*Material provided*:
== Segment start ==

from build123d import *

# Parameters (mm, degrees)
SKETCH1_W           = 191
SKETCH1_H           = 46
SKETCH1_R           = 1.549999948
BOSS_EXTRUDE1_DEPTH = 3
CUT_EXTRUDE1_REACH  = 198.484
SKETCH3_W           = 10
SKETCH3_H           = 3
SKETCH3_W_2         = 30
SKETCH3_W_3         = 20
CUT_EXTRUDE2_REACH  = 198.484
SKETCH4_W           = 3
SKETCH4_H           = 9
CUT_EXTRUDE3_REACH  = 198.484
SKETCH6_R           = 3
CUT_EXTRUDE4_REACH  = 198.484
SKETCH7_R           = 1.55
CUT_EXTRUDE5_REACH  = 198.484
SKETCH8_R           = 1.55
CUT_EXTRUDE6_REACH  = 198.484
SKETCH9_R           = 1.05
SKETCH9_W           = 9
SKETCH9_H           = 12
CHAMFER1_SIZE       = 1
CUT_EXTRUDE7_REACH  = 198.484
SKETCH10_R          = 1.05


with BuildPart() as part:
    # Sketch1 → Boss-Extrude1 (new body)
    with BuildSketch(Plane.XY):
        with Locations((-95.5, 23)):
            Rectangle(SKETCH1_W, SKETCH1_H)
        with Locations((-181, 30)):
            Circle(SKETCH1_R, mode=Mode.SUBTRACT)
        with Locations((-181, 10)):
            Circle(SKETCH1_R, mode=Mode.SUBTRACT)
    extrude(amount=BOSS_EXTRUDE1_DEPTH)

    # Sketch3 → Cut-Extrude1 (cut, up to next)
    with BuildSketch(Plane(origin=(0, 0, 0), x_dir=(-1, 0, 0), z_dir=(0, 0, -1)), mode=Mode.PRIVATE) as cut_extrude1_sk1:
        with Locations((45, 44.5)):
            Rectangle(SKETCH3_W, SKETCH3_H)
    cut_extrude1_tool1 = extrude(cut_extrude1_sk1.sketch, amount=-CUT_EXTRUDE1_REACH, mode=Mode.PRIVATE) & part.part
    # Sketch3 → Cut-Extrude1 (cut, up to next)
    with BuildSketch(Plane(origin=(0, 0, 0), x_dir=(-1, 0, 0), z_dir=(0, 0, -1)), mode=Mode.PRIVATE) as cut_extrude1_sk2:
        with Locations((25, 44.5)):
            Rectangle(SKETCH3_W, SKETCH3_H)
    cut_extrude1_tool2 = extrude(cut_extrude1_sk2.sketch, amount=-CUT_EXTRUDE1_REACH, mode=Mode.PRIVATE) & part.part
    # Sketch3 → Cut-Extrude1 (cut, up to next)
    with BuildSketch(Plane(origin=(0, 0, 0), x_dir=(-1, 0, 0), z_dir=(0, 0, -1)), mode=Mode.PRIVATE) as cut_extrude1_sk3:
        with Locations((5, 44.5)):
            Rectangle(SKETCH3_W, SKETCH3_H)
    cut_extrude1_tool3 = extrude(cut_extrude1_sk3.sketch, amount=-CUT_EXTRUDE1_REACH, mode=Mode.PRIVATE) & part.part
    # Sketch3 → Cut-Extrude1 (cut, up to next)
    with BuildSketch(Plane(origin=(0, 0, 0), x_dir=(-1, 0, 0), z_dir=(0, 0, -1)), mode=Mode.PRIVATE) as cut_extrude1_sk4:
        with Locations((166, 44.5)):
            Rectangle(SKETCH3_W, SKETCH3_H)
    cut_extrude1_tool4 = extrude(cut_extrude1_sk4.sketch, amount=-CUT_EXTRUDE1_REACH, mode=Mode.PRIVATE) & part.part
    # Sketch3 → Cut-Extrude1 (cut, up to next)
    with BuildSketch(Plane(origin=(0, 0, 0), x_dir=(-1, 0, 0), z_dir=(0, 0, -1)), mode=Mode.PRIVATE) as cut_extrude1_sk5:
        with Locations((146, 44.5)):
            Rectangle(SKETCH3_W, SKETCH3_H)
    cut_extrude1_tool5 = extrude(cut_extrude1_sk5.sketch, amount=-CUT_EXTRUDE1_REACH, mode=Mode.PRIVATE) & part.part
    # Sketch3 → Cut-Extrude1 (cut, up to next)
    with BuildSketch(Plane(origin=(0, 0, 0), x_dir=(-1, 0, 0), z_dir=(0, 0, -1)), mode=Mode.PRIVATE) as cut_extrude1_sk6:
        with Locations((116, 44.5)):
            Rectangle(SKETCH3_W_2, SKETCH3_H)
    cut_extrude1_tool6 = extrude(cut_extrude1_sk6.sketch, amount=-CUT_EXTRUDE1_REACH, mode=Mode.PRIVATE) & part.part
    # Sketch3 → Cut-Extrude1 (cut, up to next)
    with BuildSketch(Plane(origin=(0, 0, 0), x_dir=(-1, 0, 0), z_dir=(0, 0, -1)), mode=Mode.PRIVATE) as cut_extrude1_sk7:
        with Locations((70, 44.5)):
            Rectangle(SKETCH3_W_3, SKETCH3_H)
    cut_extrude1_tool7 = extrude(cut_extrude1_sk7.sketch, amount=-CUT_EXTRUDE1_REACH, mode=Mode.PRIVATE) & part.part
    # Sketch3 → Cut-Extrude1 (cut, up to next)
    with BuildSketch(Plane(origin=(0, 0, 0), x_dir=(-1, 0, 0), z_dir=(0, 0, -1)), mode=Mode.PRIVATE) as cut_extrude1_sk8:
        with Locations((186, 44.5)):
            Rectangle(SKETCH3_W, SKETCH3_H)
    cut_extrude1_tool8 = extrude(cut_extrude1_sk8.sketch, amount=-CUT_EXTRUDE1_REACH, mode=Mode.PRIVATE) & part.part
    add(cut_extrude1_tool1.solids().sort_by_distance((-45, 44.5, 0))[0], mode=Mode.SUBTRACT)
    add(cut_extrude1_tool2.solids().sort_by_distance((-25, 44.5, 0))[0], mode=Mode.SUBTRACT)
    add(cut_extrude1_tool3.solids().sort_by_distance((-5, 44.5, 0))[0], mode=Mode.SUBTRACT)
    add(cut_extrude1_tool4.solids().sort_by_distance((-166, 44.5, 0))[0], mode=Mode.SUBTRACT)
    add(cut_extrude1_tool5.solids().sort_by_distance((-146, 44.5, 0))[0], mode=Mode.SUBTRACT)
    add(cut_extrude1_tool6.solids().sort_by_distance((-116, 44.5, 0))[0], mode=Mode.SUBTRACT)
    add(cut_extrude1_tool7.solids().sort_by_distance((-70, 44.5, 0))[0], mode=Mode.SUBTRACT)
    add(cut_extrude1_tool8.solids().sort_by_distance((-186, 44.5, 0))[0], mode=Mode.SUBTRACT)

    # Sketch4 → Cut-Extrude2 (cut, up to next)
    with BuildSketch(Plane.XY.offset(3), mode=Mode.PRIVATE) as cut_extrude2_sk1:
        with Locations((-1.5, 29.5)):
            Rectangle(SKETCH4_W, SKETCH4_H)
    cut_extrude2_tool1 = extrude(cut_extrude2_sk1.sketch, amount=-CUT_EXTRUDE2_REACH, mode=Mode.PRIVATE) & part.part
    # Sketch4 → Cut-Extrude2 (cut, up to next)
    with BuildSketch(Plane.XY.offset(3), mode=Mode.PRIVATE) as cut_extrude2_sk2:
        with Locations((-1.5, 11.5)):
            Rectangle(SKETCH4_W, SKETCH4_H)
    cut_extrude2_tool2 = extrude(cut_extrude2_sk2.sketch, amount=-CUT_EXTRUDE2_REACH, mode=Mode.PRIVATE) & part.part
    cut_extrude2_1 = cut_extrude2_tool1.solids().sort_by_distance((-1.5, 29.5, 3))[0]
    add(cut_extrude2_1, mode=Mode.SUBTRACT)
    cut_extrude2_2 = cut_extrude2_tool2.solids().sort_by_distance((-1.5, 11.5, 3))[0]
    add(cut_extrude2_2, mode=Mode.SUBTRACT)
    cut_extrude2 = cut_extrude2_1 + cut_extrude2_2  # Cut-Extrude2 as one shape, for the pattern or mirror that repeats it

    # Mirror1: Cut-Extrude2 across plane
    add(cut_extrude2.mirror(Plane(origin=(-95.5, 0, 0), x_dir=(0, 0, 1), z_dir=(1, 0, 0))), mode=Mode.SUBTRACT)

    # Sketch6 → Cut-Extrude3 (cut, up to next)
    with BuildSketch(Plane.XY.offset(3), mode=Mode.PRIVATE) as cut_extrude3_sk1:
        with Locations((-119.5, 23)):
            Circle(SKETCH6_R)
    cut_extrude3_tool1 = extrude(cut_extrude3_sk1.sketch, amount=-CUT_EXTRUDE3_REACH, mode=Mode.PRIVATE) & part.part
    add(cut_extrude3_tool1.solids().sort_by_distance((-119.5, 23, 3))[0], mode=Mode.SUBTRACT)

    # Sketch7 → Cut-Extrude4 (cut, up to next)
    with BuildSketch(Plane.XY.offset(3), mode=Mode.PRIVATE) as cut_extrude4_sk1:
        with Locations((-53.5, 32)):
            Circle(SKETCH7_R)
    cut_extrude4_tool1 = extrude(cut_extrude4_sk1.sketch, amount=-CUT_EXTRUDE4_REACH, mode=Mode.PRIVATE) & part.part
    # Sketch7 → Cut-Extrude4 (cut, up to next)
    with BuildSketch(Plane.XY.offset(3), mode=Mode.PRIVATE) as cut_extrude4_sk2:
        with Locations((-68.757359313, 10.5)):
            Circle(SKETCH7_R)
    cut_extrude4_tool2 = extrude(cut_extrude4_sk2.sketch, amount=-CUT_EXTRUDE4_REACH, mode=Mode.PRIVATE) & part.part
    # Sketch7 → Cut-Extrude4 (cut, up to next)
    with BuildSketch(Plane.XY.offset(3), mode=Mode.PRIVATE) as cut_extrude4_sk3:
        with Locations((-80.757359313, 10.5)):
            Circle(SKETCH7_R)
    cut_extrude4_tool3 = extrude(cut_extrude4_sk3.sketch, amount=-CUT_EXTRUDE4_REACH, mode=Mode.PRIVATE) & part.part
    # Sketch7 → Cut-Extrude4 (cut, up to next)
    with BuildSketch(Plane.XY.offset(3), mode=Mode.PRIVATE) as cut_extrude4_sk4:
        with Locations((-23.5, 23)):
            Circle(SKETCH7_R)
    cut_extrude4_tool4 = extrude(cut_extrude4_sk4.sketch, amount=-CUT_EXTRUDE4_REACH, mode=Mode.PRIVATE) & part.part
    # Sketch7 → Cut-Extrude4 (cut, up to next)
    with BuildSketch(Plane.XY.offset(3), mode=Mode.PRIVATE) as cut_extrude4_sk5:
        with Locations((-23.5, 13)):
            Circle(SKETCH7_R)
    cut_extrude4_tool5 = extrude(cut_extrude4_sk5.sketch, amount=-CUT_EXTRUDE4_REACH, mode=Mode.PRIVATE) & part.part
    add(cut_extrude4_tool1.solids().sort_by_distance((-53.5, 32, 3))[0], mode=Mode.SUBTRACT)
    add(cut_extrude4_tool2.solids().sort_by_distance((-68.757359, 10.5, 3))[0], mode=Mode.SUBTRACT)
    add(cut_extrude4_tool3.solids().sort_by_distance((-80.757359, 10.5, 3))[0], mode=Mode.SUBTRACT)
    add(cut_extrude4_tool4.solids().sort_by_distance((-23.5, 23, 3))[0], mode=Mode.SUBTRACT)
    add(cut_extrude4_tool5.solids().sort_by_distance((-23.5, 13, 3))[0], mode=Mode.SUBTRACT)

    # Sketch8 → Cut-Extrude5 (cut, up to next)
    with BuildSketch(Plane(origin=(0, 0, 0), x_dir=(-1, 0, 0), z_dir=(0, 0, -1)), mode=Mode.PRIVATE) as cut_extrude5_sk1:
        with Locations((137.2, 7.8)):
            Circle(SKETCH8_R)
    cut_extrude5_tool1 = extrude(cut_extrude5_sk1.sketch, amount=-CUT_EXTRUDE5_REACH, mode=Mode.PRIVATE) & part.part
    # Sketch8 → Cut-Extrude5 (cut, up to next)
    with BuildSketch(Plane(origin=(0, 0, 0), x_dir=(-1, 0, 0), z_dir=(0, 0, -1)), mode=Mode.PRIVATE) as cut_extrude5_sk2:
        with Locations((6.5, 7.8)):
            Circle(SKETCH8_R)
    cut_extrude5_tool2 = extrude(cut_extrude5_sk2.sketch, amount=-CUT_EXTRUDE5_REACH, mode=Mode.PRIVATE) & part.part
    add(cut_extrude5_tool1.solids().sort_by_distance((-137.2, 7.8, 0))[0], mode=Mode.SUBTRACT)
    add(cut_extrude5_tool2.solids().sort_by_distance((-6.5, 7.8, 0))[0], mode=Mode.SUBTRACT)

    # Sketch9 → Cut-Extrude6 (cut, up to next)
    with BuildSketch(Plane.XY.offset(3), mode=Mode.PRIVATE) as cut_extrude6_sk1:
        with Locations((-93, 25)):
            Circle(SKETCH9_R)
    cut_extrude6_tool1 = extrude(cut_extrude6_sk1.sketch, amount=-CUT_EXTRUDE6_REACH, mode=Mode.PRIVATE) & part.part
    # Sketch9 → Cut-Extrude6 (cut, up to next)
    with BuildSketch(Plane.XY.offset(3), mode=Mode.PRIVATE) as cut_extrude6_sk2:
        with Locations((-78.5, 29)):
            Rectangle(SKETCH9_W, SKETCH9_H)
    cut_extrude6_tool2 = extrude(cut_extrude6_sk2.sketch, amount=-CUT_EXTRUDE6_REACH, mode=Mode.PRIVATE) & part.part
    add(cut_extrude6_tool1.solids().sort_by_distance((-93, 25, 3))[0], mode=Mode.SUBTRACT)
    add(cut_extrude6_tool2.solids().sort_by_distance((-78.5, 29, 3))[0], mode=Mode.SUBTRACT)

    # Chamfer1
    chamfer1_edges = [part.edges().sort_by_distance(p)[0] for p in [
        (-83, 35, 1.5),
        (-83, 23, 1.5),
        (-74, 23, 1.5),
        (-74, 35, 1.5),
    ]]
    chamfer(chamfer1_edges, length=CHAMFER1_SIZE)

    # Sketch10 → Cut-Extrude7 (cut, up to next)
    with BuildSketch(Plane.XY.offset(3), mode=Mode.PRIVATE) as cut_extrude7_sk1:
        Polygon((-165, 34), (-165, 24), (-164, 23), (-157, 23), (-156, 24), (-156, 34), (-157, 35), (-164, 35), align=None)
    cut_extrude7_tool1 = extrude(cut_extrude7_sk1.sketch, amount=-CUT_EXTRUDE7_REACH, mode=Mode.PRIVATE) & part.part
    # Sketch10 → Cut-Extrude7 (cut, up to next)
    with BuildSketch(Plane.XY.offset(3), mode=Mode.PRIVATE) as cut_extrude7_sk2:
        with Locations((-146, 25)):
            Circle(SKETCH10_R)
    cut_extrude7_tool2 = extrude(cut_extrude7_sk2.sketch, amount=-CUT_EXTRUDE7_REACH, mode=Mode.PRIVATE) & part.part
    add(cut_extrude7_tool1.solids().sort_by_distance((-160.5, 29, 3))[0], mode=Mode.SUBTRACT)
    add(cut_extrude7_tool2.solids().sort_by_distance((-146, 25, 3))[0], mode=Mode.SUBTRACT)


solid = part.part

== Segment end ==

*Assigned task*: Find the string "offset" in the material above. Then copy each line that has it.

*Task solution*:
    with BuildSketch(Plane.XY.offset(3), mode=Mode.PRIVATE) as cut_extrude2_sk1:
    with BuildSketch(Plane.XY.offset(3), mode=Mode.PRIVATE) as cut_extrude2_sk2:
    with BuildSketch(Plane.XY.offset(3), mode=Mode.PRIVATE) as cut_extrude3_sk1:
    with BuildSketch(Plane.XY.offset(3), mode=Mode.PRIVATE) as cut_extrude4_sk1:
    with BuildSketch(Plane.XY.offset(3), mode=Mode.PRIVATE) as cut_extrude4_sk2:
    with BuildSketch(Plane.XY.offset(3), mode=Mode.PRIVATE) as cut_extrude4_sk3:
    with BuildSketch(Plane.XY.offset(3), mode=Mode.PRIVATE) as cut_extrude4_sk4:
    with BuildSketch(Plane.XY.offset(3), mode=Mode.PRIVATE) as cut_extrude4_sk5:
    with BuildSketch(Plane.XY.offset(3), mode=Mode.PRIVATE) as cut_extrude6_sk1:
    with BuildSketch(Plane.XY.offset(3), mode=Mode.PRIVATE) as cut_extrude6_sk2:
    with BuildSketch(Plane.XY.offset(3), mode=Mode.PRIVATE) as cut_extrude7_sk1:
    with BuildSketch(Plane.XY.offset(3), mode=Mode.PRIVATE) as cut_extrude7_sk2:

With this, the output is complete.